I couldn't toss and turn (hell, I could barely move), but I wriggled, wraggled and just could not get comfortable. My back was killing me—it had been for a couple of months, despite hot showers and long massages by my excruciatingly considerate husband. But there's only so much you can do when you have an extra forty pounds smack in one area of your bod.

Ducky was all for me going home. "Honey, it's just an aching back. Same aching back I had last night. Same aching back I had night before last. And the week before last. And last month. It comes. It goes. We've become quite good friends over the past months. But if I go home, you know Mother will just hover over me every second."

"And drive you quietly out of your mind."
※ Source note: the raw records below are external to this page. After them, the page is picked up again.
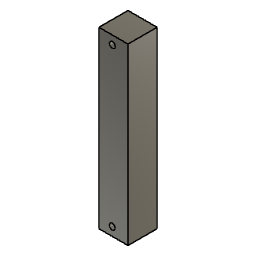
连接柱 v1 (Autodesk Fusion 360 design; units mm, degrees)
Autodesk Fusion 360 part; units mm, degrees
sketch "草图1" plane through (0, 0, 0) normal (0, 0, 1) x (1, 0, 0)
  line L0 (0, 15) -> (5, 15)
  line L1 (5, 15) -> (5, 10)
  line L2 (5, 10) -> (0, 10)
  line L3 (0, 10) -> (0, 15)
  dimension "d1" = 5
  constraint horizontal L0
  constraint vertical L1
  constraint horizontal L2
  constraint vertical L3
  measures "d1" distance of L0.start L0.end
extrude "拉伸1" add sketch "草图1" along normal blind 20
hole "孔1" at (2.293, 10, 1.4617) direction (0, 1, 0) diameter 1 depth 6 tip angle 118
extrude "拉伸2" add 1 faces at (1.6667, 13.3333, 20) along direction (0, 0, 1) blind 10
hole "孔2" at (2.3137, 15, 28.5345) direction (0, -1, 0) diameter 1 depth 6 tip angle 118
Autodesk Fusion 360 part; units mm, degrees
(part 8 of 8)
equation "d2179 = ( BaseY + Depth - 12 mm )"
equation "d2180 = -( -( UpperDeckHeight - PanHeight - 8 mm ) )"
equation "d2181 = TowerFrame"
equation "d2183 = UpperDeckHeight - PanHeight"
equation "d2185 = ( BaseX ) + ( ( TowerFrame - 5 mm ) / 2 )"
equation "d2186 = ( BaseY + 8 mm ) - ( 2.5 mm )"
equation "d2189 = PegHeight"
equation "d2191 = UpperDeckHeight - PanHeight"
equation "d2193 = ( BaseX ) + ( ( TowerFrame - 5 mm ) / 2 )"
equation "d2194 = ( BaseY + Depth - 8 mm ) - ( 2.5 mm )"
equation "d2197 = PegHeight"
equation "d2201 = BaseX + TowerWidth - TowerFrame"
equation "d2202 = BaseY"
equation "d2203 = TowerFrame"
equation "d2204 = Depth"
equation "d2205 = UpperDeckHeight - PanHeight"
equation "d2207 = BaseX + TowerWidth - TowerFrame"
equation "d2209 = -( -( 8 mm ) )"
equation "d2210 = ( BaseY + 12 mm )"
equation "d2211 = ( BaseY + Depth - 12 mm )"
equation "d2212 = -( -( UpperDeckHeight - PanHeight - 8 mm ) )"
equation "d2213 = TowerFrame"
equation "d2215 = UpperDeckHeight - PanHeight"
equation "d2217 = ( BaseX + TowerWidth - TowerFrame ) + ( ( TowerFrame - 5 mm ) / 2 )"
equation "d2218 = ( BaseY + 8 mm ) - ( 2.5 mm )"
equation "d2221 = PegHeight"
equation "d2223 = UpperDeckHeight - PanHeight"
equation "d2225 = ( BaseX + TowerWidth - TowerFrame ) + ( ( TowerFrame - 5 mm ) / 2 )"
equation "d2226 = ( BaseY + Depth - 8 mm ) - ( 2.5 mm )"
equation "d2229 = PegHeight"
equation "d2231 = UpperDeckHeight - PanHeight"
equation "d2233 = ( BaseX + ( TowerFrame - 5 mm ) / 2 ) - ( FitClearance )"
equation "d2234 = ( BaseY + 8 mm ) - ( 2.5 mm + FitClearance )"
equation "d2235 = 5 mm + 2 * FitClearance"
equation "d2236 = 5 mm + 2 * FitClearance"
equation "d2237 = PegHeight + 0.3 mm"
equation "d2239 = UpperDeckHeight - PanHeight"
equation "d2241 = ( BaseX + ( TowerFrame - 5 mm ) / 2 ) - ( FitClearance )"
equation "d2242 = ( BaseY + Depth - 8 mm ) - ( 2.5 mm + FitClearance )"
equation "d2243 = 5 mm + 2 * FitClearance"
equation "d2244 = 5 mm + 2 * FitClearance"
equation "d2245 = PegHeight + 0.3 mm"
equation "d2247 = UpperDeckHeight - PanHeight"
equation "d2249 = ( BaseX + TowerWidth - TowerFrame + ( TowerFrame - 5 mm ) / 2 ) - ( FitClearance )"
equation "d2250 = ( BaseY + 8 mm ) - ( 2.5 mm + FitClearance )"
equation "d2251 = 5 mm + 2 * FitClearance"
equation "d2252 = 5 mm + 2 * FitClearance"
equation "d2253 = PegHeight + 0.3 mm"
equation "d2255 = UpperDeckHeight - PanHeight"
equation "d2257 = ( BaseX + TowerWidth - TowerFrame + ( TowerFrame - 5 mm ) / 2 ) - ( FitClearance )"
equation "d2258 = ( BaseY + Depth - 8 mm ) - ( 2.5 mm + FitClearance )"
equation "d2259 = 5 mm + 2 * FitClearance"
equation "d2260 = 5 mm + 2 * FitClearance"
equation "d2261 = PegHeight + 0.3 mm"
equation "d2265 = BaseX + LeftRun + FaucetGap + RightRun + 20 mm + 0 mm"
equation "d2266 = BaseY"
equation "d2273 = ( BaseX + LeftRun + FaucetGap + RightRun + 20 mm + 0 mm ) + ( ( 24 mm - ( PegSize + 2 * ( FitClearance - 0.05 mm ) ) ) / 2 )"
equation "d2274 = BaseY + ( 24 mm - ( PegSize + 2 * ( FitClearance - 0.05 mm ) ) ) / 2"
equation "d2275 = PegSize + 2 * ( FitClearance - 0.05 mm )"
equation "d2276 = PegSize + 2 * ( FitClearance - 0.05 mm )"
equation "d2277 = PegHeight + 0.3 mm"
equation "d2281 = BaseX + LeftRun + FaucetGap + RightRun + 20 mm + 30 mm"
equation "d2282 = BaseY"
equation "d2289 = ( BaseX + LeftRun + FaucetGap + RightRun + 20 mm + 30 mm ) + ( ( 24 mm - ( PegSize + 2 * ( FitClearance ) ) ) / 2 )"
equation "d2290 = BaseY + ( 24 mm - ( PegSize + 2 * ( FitClearance ) ) ) / 2"
equation "d2291 = PegSize + 2 * ( FitClearance )"
equation "d2292 = PegSize + 2 * ( FitClearance )"
equation "d2293 = PegHeight + 0.3 mm"
equation "d2297 = BaseX + LeftRun + FaucetGap + RightRun + 20 mm + 60 mm"
equation "d2298 = BaseY"
equation "d2305 = ( BaseX + LeftRun + FaucetGap + RightRun + 20 mm + 60 mm ) + ( ( 24 mm - ( PegSize + 2 * ( FitClearance + 0.05 mm ) ) ) / 2 )"
equation "d2306 = BaseY + ( 24 mm - ( PegSize + 2 * ( FitClearance + 0.05 mm ) ) ) / 2"
equation "d2307 = PegSize + 2 * ( FitClearance + 0.05 mm )"
equation "d2308 = PegSize + 2 * ( FitClearance + 0.05 mm )"
equation "d2309 = PegHeight + 0.3 mm"
named bodies: "L1_DrainPan", "L1_RemovableGrate", "L1_Foot_00", "L1_Foot_01", "L1_Foot_10", "L1_Foot_11", "L2_DrainPan", "L2_RemovableGrate", "L2_Foot_00", "L2_Foot_01", "L2_Foot_10", "L2_Foot_11", "R1_DrainPan", "R1_RemovableGrate", "R1_Foot_00", "R1_Foot_01", "R1_Foot_10", "R1_Foot_11", "R2_DrainPan", "R2_RemovableGrate", "R2_Foot_00", "R2_Foot_01", "R2_Foot_10", "R2_Foot_11", "LS_DrainPan", "LS_RemovableGrate", "LS_Foot_00", "LS_Foot_01", "LS_Foot_10", "LS_Foot_11", "RS_DrainPan", "RS_RemovableGrate", "RS_Foot_00", "RS_Foot_01", "RS_Foot_10", "RS_Foot_11", "UP_DrainPan", "UP_RemovableGrate", "Tower_SideFrame_1", "Tower_SideFrame_2", "FIT_Tight", "FIT_Nominal", "FIT_Loose"

"Or not so quietly." I sucked in a breath.

"Cassandra! What is it?"

"Just a twinge. No biggie. Probably one of the vertebrae shifting. Again."

"Oh, my darling… I wish I could take this on for you…"

"Yeah, next time I'll marry a seahorse."

It was a slow day in the morgue. We chatted for a good long time; just listening to his voice is a good way to relax. It didn't take away the backache (I figured the kid was planting his or her feet at the bottom of my spine and doing long stretches to prepare for a 10K marathon), but it made it more bearable. Plus, I knew that when I got home that night there would be another lovely, long massage waiting for me. I married a talented man.

"Cassandra? Dear?" Ducky's voice was taut. "I want you to hang up the phone and have someone drive you to the hospital. I'll call Dr. Lester."

"Ducky, it's just a freaking backache—"

"Cassandra, I've been noting every time you breathe more concertedly, when you seem to be in more pain. Your 'it comes and goes' backache is well timed every five minutes. You're in labor!"

Valerie drove me over (she drives a Jeep—it was the only vehicle I wasn't afraid I'd get stuck in). By the time I arrived—oh, yeah, I was in labor. At least I waited until I got into the ER before my water broke (I'm sure Valerie was grateful, if nothing else).

"Don't push yet," the nurse counseled.

Yeah, right. "Don't tell me, tell the kid!" I retorted. A line from MacGyver popped out of my mouth. "The stork's comin' on a Lear jet!"

Ducky arrived at 2:12.

Dr. Lester arrived at 2:15.

Weighing in at eight-six-and-a-quarter and a whopping twenty-two inches (a fighting chance of being taller than her parents!) Alexandra Caitlin Mallard arrived at 2:18. I thought it was very kind of her to wait for the full cast to be assembled before putting in her appearance.